◆ Supplied entries ◆
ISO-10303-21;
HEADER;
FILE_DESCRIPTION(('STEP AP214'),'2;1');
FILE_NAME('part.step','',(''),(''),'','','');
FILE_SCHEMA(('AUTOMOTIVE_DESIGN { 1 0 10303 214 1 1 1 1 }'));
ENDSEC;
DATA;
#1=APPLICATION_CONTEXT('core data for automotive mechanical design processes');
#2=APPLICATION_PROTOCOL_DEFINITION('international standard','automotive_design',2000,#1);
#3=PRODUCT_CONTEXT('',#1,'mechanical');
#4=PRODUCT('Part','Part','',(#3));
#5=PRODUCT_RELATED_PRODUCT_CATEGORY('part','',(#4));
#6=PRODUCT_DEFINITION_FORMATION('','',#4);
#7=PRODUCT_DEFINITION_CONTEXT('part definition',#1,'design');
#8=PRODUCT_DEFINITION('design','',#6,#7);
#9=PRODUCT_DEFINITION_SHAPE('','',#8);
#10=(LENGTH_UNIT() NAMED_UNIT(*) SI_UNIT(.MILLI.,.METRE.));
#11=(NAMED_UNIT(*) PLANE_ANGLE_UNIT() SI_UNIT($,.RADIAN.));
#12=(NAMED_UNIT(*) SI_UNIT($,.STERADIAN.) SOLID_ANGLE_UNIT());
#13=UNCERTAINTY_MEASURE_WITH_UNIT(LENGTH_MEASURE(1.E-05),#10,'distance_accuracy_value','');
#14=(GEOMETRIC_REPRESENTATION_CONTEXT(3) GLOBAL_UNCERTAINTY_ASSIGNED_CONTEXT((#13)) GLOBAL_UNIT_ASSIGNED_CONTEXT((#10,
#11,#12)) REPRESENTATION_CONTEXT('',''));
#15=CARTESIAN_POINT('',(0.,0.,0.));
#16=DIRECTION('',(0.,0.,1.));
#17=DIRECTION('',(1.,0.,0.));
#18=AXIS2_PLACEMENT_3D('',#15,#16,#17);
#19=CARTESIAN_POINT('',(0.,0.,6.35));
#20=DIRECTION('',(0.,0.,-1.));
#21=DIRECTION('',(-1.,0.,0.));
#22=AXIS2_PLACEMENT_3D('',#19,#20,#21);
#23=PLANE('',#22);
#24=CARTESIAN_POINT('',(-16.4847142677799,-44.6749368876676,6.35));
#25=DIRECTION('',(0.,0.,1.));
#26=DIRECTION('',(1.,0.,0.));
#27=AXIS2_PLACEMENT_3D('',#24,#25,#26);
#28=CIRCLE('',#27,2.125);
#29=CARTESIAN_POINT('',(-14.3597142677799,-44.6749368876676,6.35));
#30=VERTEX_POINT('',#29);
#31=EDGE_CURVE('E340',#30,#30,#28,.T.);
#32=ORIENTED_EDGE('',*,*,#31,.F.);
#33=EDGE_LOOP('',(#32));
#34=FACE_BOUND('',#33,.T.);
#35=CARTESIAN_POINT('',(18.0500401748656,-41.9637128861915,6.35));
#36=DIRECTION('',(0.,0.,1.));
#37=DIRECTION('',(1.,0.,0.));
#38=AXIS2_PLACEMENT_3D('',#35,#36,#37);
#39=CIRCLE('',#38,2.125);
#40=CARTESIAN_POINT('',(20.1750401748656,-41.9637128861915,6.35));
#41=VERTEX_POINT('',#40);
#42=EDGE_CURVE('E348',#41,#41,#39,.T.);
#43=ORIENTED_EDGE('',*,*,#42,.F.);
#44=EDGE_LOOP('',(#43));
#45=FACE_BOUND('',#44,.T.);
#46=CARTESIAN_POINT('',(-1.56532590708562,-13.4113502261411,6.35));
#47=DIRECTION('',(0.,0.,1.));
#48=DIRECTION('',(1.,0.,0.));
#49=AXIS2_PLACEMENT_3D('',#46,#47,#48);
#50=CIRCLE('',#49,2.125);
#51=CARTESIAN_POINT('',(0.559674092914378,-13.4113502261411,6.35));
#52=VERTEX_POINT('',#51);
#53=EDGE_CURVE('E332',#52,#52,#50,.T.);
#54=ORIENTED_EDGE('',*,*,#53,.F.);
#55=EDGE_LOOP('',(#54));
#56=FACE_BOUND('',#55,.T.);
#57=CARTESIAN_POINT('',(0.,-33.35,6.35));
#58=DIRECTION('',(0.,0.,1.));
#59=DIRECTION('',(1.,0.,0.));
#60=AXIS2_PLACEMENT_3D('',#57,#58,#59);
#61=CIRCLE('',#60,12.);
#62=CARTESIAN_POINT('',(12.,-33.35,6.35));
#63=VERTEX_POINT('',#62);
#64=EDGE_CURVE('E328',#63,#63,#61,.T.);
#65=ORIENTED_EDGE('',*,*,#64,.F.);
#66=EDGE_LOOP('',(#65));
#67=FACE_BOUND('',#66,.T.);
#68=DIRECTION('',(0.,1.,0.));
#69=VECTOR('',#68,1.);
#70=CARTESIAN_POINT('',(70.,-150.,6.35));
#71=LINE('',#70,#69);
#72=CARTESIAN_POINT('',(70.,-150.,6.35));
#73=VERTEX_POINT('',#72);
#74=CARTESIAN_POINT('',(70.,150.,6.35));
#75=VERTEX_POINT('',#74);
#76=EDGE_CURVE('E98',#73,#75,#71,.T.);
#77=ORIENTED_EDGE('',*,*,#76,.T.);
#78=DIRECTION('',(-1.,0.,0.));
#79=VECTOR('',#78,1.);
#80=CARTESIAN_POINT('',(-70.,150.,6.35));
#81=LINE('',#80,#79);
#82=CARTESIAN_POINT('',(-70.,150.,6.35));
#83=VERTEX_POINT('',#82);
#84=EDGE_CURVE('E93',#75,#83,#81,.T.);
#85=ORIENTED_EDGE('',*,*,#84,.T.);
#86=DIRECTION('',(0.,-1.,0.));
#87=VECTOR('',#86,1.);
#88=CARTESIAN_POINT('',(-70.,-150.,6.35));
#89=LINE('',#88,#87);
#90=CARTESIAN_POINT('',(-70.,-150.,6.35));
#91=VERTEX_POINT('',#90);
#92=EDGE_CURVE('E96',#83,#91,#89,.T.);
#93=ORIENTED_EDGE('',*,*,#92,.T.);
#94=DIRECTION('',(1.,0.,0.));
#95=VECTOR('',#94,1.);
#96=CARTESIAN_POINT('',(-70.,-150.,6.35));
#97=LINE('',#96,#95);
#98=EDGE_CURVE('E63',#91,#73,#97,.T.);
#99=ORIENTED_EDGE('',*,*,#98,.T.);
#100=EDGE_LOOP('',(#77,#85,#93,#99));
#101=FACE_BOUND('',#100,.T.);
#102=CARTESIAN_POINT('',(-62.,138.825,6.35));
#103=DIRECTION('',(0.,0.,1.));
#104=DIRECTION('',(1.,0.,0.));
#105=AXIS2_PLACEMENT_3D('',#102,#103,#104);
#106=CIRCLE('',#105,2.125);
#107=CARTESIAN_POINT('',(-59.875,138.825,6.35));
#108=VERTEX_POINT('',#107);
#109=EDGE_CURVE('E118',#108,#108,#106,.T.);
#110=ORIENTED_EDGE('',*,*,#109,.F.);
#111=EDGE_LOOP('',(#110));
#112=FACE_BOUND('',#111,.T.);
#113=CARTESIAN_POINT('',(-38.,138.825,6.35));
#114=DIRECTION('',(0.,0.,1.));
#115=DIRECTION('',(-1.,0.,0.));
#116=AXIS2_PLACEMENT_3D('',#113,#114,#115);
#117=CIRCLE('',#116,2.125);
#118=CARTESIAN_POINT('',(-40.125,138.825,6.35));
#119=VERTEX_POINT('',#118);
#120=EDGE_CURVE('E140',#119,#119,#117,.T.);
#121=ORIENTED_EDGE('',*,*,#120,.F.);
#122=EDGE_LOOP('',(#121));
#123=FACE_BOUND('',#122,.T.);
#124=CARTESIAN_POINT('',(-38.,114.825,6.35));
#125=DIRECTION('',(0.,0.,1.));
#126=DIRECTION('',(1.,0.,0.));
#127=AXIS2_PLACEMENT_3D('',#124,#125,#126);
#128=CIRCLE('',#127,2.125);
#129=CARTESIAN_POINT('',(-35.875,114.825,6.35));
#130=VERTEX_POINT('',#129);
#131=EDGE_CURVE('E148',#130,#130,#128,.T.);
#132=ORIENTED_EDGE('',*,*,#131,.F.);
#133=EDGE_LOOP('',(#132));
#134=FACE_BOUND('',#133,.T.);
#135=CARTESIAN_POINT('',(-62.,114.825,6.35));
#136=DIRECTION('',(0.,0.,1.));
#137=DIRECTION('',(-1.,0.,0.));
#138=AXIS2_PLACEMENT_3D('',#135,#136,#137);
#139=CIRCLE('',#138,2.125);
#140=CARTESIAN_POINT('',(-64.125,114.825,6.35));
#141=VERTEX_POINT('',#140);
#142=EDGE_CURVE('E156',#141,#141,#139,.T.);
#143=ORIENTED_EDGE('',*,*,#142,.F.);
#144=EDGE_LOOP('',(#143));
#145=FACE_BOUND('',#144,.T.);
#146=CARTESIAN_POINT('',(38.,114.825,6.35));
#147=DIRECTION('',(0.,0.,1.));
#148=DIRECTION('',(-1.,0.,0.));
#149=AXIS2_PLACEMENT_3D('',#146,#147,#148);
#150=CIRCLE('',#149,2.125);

◆ Instructions for the task ◆
Could you restate word for word the lines above, from the one that contains "#6=PRODUCT_DEFINITION_FORMATION('','',#4);" through the one that contains "#21=DIRECTION('',(-1.,0.,0.));", and no others?

◆ Result ◆
#6=PRODUCT_DEFINITION_FORMATION('','',#4);
#7=PRODUCT_DEFINITION_CONTEXT('part definition',#1,'design');
#8=PRODUCT_DEFINITION('design','',#6,#7);
#9=PRODUCT_DEFINITION_SHAPE('','',#8);
#10=(LENGTH_UNIT() NAMED_UNIT(*) SI_UNIT(.MILLI.,.METRE.));
#11=(NAMED_UNIT(*) PLANE_ANGLE_UNIT() SI_UNIT($,.RADIAN.));
#12=(NAMED_UNIT(*) SI_UNIT($,.STERADIAN.) SOLID_ANGLE_UNIT());
#13=UNCERTAINTY_MEASURE_WITH_UNIT(LENGTH_MEASURE(1.E-05),#10,'distance_accuracy_value','');
#14=(GEOMETRIC_REPRESENTATION_CONTEXT(3) GLOBAL_UNCERTAINTY_ASSIGNED_CONTEXT((#13)) GLOBAL_UNIT_ASSIGNED_CONTEXT((#10,
#11,#12)) REPRESENTATION_CONTEXT('',''));
#15=CARTESIAN_POINT('',(0.,0.,0.));
#16=DIRECTION('',(0.,0.,1.));
#17=DIRECTION('',(1.,0.,0.));
#18=AXIS2_PLACEMENT_3D('',#15,#16,#17);
#19=CARTESIAN_POINT('',(0.,0.,6.35));
#20=DIRECTION('',(0.,0.,-1.));
#21=DIRECTION('',(-1.,0.,0.));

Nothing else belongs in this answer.